Erwartungsgemäß verhinderte die Operation insbesondere die Hilfstätigkeit von Hilfsvereinen, die sich um das Wohl palästinensischer Kinder gekümmert haben. Als besonder tragisch galten die Ermittlungen gegen Osama Abu El Hosna. Er hatte am 2. November 2020 einem österreichischen Polizisten das Leben gerettet. Gegen ihn wurde ermittelt, da er in einem Hilfsverein tätig war. Trotz Freispruch wurde dem staatenlosen Abu El Hosna die Staatsbürgerschaft mit Verweis auf die beendeten Ermittlungen verwehrt.

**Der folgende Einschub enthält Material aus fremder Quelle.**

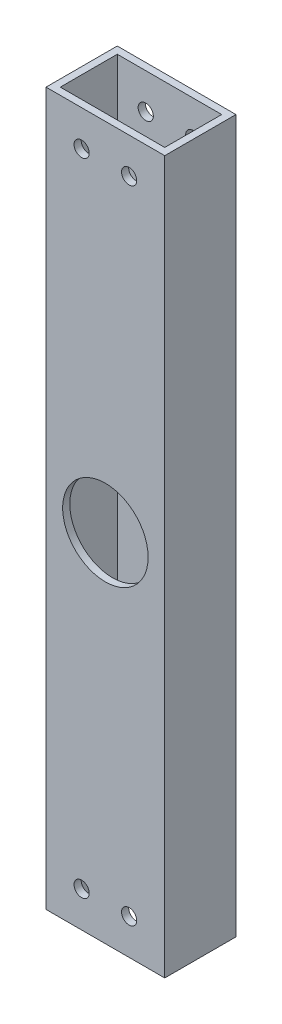
ISO-10303-21;
HEADER;
FILE_DESCRIPTION(('STEP AP214'),'2;1');
FILE_NAME('part.step','',(''),(''),'','','');
FILE_SCHEMA(('AUTOMOTIVE_DESIGN { 1 0 10303 214 1 1 1 1 }'));
ENDSEC;
DATA;
#1=APPLICATION_CONTEXT('core data for automotive mechanical design processes');
#2=APPLICATION_PROTOCOL_DEFINITION('international standard','automotive_design',2000,#1);
#3=PRODUCT_CONTEXT('',#1,'mechanical');
#4=PRODUCT('Part','Part','',(#3));
#5=PRODUCT_RELATED_PRODUCT_CATEGORY('part','',(#4));
#6=PRODUCT_DEFINITION_FORMATION('','',#4);
#7=PRODUCT_DEFINITION_CONTEXT('part definition',#1,'design');
#8=PRODUCT_DEFINITION('design','',#6,#7);
#9=PRODUCT_DEFINITION_SHAPE('','',#8);
#10=(LENGTH_UNIT() NAMED_UNIT(*) SI_UNIT(.MILLI.,.METRE.));
#11=(NAMED_UNIT(*) PLANE_ANGLE_UNIT() SI_UNIT($,.RADIAN.));
#12=(NAMED_UNIT(*) SI_UNIT($,.STERADIAN.) SOLID_ANGLE_UNIT());
#13=UNCERTAINTY_MEASURE_WITH_UNIT(LENGTH_MEASURE(1.E-05),#10,'distance_accuracy_value','');
#14=(GEOMETRIC_REPRESENTATION_CONTEXT(3) GLOBAL_UNCERTAINTY_ASSIGNED_CONTEXT((#13)) GLOBAL_UNIT_ASSIGNED_CONTEXT((#10,
#11,#12)) REPRESENTATION_CONTEXT('',''));
#15=CARTESIAN_POINT('',(0.,0.,0.));
#16=DIRECTION('',(0.,0.,1.));
#17=DIRECTION('',(1.,0.,0.));
#18=AXIS2_PLACEMENT_3D('',#15,#16,#17);
#19=CARTESIAN_POINT('',(0.,150.,0.));
#20=DIRECTION('',(0.,1.,0.));
#21=DIRECTION('',(0.,0.,1.));
#22=AXIS2_PLACEMENT_3D('',#19,#20,#21);
#23=PLANE('',#22);
#24=DIRECTION('',(0.,0.,-1.));
#25=VECTOR('',#24,1.);
#26=CARTESIAN_POINT('',(12.5,150.,-7.5));
#27=LINE('',#26,#25);
#28=CARTESIAN_POINT('',(12.5,150.,7.5));
#29=VERTEX_POINT('',#28);
#30=CARTESIAN_POINT('',(12.5,150.,-7.5));
#31=VERTEX_POINT('',#30);
#32=EDGE_CURVE('E144',#29,#31,#27,.T.);
#33=ORIENTED_EDGE('',*,*,#32,.T.);
#34=DIRECTION('',(-1.,0.,0.));
#35=VECTOR('',#34,1.);
#36=CARTESIAN_POINT('',(-12.5,150.,-7.5));
#37=LINE('',#36,#35);
#38=CARTESIAN_POINT('',(-12.5,150.,-7.5));
#39=VERTEX_POINT('',#38);
#40=EDGE_CURVE('E147',#31,#39,#37,.T.);
#41=ORIENTED_EDGE('',*,*,#40,.T.);
#42=DIRECTION('',(0.,0.,1.));
#43=VECTOR('',#42,1.);
#44=CARTESIAN_POINT('',(-12.5,150.,-7.5));
#45=LINE('',#44,#43);
#46=CARTESIAN_POINT('',(-12.5,150.,7.5));
#47=VERTEX_POINT('',#46);
#48=EDGE_CURVE('E150',#39,#47,#45,.T.);
#49=ORIENTED_EDGE('',*,*,#48,.T.);
#50=DIRECTION('',(1.,0.,0.));
#51=VECTOR('',#50,1.);
#52=CARTESIAN_POINT('',(-12.5,150.,7.5));
#53=LINE('',#52,#51);
#54=EDGE_CURVE('E152',#47,#29,#53,.T.);
#55=ORIENTED_EDGE('',*,*,#54,.T.);
#56=EDGE_LOOP('',(#33,#41,#49,#55));
#57=FACE_BOUND('',#56,.T.);
#58=DIRECTION('',(0.,0.,1.));
#59=VECTOR('',#58,1.);
#60=CARTESIAN_POINT('',(-11.,150.,-6.));
#61=LINE('',#60,#59);
#62=CARTESIAN_POINT('',(-11.,150.,-6.));
#63=VERTEX_POINT('',#62);
#64=CARTESIAN_POINT('',(-11.,150.,6.));
#65=VERTEX_POINT('',#64);
#66=EDGE_CURVE('E114',#63,#65,#61,.T.);
#67=ORIENTED_EDGE('',*,*,#66,.F.);
#68=DIRECTION('',(-1.,0.,0.));
#69=VECTOR('',#68,1.);
#70=CARTESIAN_POINT('',(-11.,150.,-6.));
#71=LINE('',#70,#69);
#72=CARTESIAN_POINT('',(11.,150.,-6.));
#73=VERTEX_POINT('',#72);
#74=EDGE_CURVE('E106',#73,#63,#71,.T.);
#75=ORIENTED_EDGE('',*,*,#74,.F.);
#76=DIRECTION('',(0.,0.,-1.));
#77=VECTOR('',#76,1.);
#78=CARTESIAN_POINT('',(11.,150.,-6.));
#79=LINE('',#78,#77);
#80=CARTESIAN_POINT('',(11.,150.,6.));
#81=VERTEX_POINT('',#80);
#82=EDGE_CURVE('E128',#81,#73,#79,.T.);
#83=ORIENTED_EDGE('',*,*,#82,.F.);
#84=DIRECTION('',(1.,0.,0.));
#85=VECTOR('',#84,1.);
#86=CARTESIAN_POINT('',(-11.,150.,6.));
#87=LINE('',#86,#85);
#88=EDGE_CURVE('E126',#65,#81,#87,.T.);
#89=ORIENTED_EDGE('',*,*,#88,.F.);
#90=EDGE_LOOP('',(#67,#75,#83,#89));
#91=FACE_BOUND('',#90,.T.);
#92=ADVANCED_FACE('F39',(#57,#91),#23,.T.);
#93=CARTESIAN_POINT('',(0.,0.,0.));
#94=DIRECTION('',(0.,1.,0.));
#95=DIRECTION('',(0.,0.,1.));
#96=AXIS2_PLACEMENT_3D('',#93,#94,#95);
#97=PLANE('',#96);
#98=DIRECTION('',(0.,0.,-1.));
#99=VECTOR('',#98,1.);
#100=CARTESIAN_POINT('',(12.5,0.,-7.5));
#101=LINE('',#100,#99);
#102=CARTESIAN_POINT('',(12.5,0.,7.5));
#103=VERTEX_POINT('',#102);
#104=CARTESIAN_POINT('',(12.5,0.,-7.5));
#105=VERTEX_POINT('',#104);
#106=EDGE_CURVE('E122',#103,#105,#101,.T.);
#107=ORIENTED_EDGE('',*,*,#106,.F.);
#108=DIRECTION('',(1.,0.,0.));
#109=VECTOR('',#108,1.);
#110=CARTESIAN_POINT('',(-12.5,0.,7.5));
#111=LINE('',#110,#109);
#112=CARTESIAN_POINT('',(-12.5,0.,7.5));
#113=VERTEX_POINT('',#112);
#114=EDGE_CURVE('E148',#113,#103,#111,.T.);
#115=ORIENTED_EDGE('',*,*,#114,.F.);
#116=DIRECTION('',(0.,0.,1.));
#117=VECTOR('',#116,1.);
#118=CARTESIAN_POINT('',(-12.5,0.,-7.5));
#119=LINE('',#118,#117);
#120=CARTESIAN_POINT('',(-12.5,0.,-7.5));
#121=VERTEX_POINT('',#120);
#122=EDGE_CURVE('E159',#121,#113,#119,.T.);
#123=ORIENTED_EDGE('',*,*,#122,.F.);
#124=DIRECTION('',(-1.,0.,0.));
#125=VECTOR('',#124,1.);
#126=CARTESIAN_POINT('',(-12.5,0.,-7.5));
#127=LINE('',#126,#125);
#128=EDGE_CURVE('E157',#105,#121,#127,.T.);
#129=ORIENTED_EDGE('',*,*,#128,.F.);
#130=EDGE_LOOP('',(#107,#115,#123,#129));
#131=FACE_BOUND('',#130,.T.);
#132=DIRECTION('',(-1.,0.,0.));
#133=VECTOR('',#132,1.);
#134=CARTESIAN_POINT('',(-11.,0.,-6.));
#135=LINE('',#134,#133);
#136=CARTESIAN_POINT('',(11.,0.,-6.));
#137=VERTEX_POINT('',#136);
#138=CARTESIAN_POINT('',(-11.,0.,-6.));
#139=VERTEX_POINT('',#138);
#140=EDGE_CURVE('E64',#137,#139,#135,.T.);
#141=ORIENTED_EDGE('',*,*,#140,.T.);
#142=DIRECTION('',(0.,0.,1.));
#143=VECTOR('',#142,1.);
#144=CARTESIAN_POINT('',(-11.,0.,-6.));
#145=LINE('',#144,#143);
#146=CARTESIAN_POINT('',(-11.,0.,6.));
#147=VERTEX_POINT('',#146);
#148=EDGE_CURVE('E121',#139,#147,#145,.T.);
#149=ORIENTED_EDGE('',*,*,#148,.T.);
#150=DIRECTION('',(1.,0.,0.));
#151=VECTOR('',#150,1.);
#152=CARTESIAN_POINT('',(-11.,0.,6.));
#153=LINE('',#152,#151);
#154=CARTESIAN_POINT('',(11.,0.,6.));
#155=VERTEX_POINT('',#154);
#156=EDGE_CURVE('E136',#147,#155,#153,.T.);
#157=ORIENTED_EDGE('',*,*,#156,.T.);
#158=DIRECTION('',(0.,0.,-1.));
#159=VECTOR('',#158,1.);
#160=CARTESIAN_POINT('',(11.,0.,-6.));
#161=LINE('',#160,#159);
#162=EDGE_CURVE('E115',#155,#137,#161,.T.);
#163=ORIENTED_EDGE('',*,*,#162,.T.);
#164=EDGE_LOOP('',(#141,#149,#157,#163));
#165=FACE_BOUND('',#164,.T.);
#166=ADVANCED_FACE('F217',(#131,#165),#97,.F.);
#167=CARTESIAN_POINT('',(12.5,150.,-7.5));
#168=DIRECTION('',(-1.,0.,0.));
#169=DIRECTION('',(0.,0.,1.));
#170=AXIS2_PLACEMENT_3D('',#167,#168,#169);
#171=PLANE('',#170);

Ein weiterer dramatischer Fall war der Hochschullehrer Farid Hafez. Er verließ nach der Razzia das Land und ist seither Professor für Internationale Studien am Williams College in den USA. In seinem Buch: „Wie ich zum Staatsfeind erklärt wurde - Die Operation Luxor und der Kreuzzug gegen den 'politischen Islam'“ von 2024 hat er die Operation aufgearbeitet.

Die Geschehnisse um die Operation Luxor wurden in der muslimischen Welt als Paradebeispiel für den Umgang der Westlichen Welt mit Muslimen dargestellt. Ähnliche Verwicklungen gab es auch in Deutschland bei den Razzien im Zusammenhang mit dem Verbot des Islamischen Zentrums Hamburg. Von der Westlichen Welt als Vorzeigemuslime berühmt gemachte Personen wie Mouhanad Khorchide waren zu Gast im ägyptischen Staatsfernsehens, wo sie die Operation priesen.

In einem offenen Brief an die Regierung verfasste ein Kollektiv von 16 zivilgesellschaftlichen Organisationen in Österreich einen offenen Brief an die Regierung, wonach diese im Zuge der Operation Luxor „massive Einschränkungen der Grund- und Freiheitsrechte aller Menschen in Österreich“ befürchte. Insbesondere die juristische Unschuldsvermutung wurde in der Operation faktisch aufgehoben.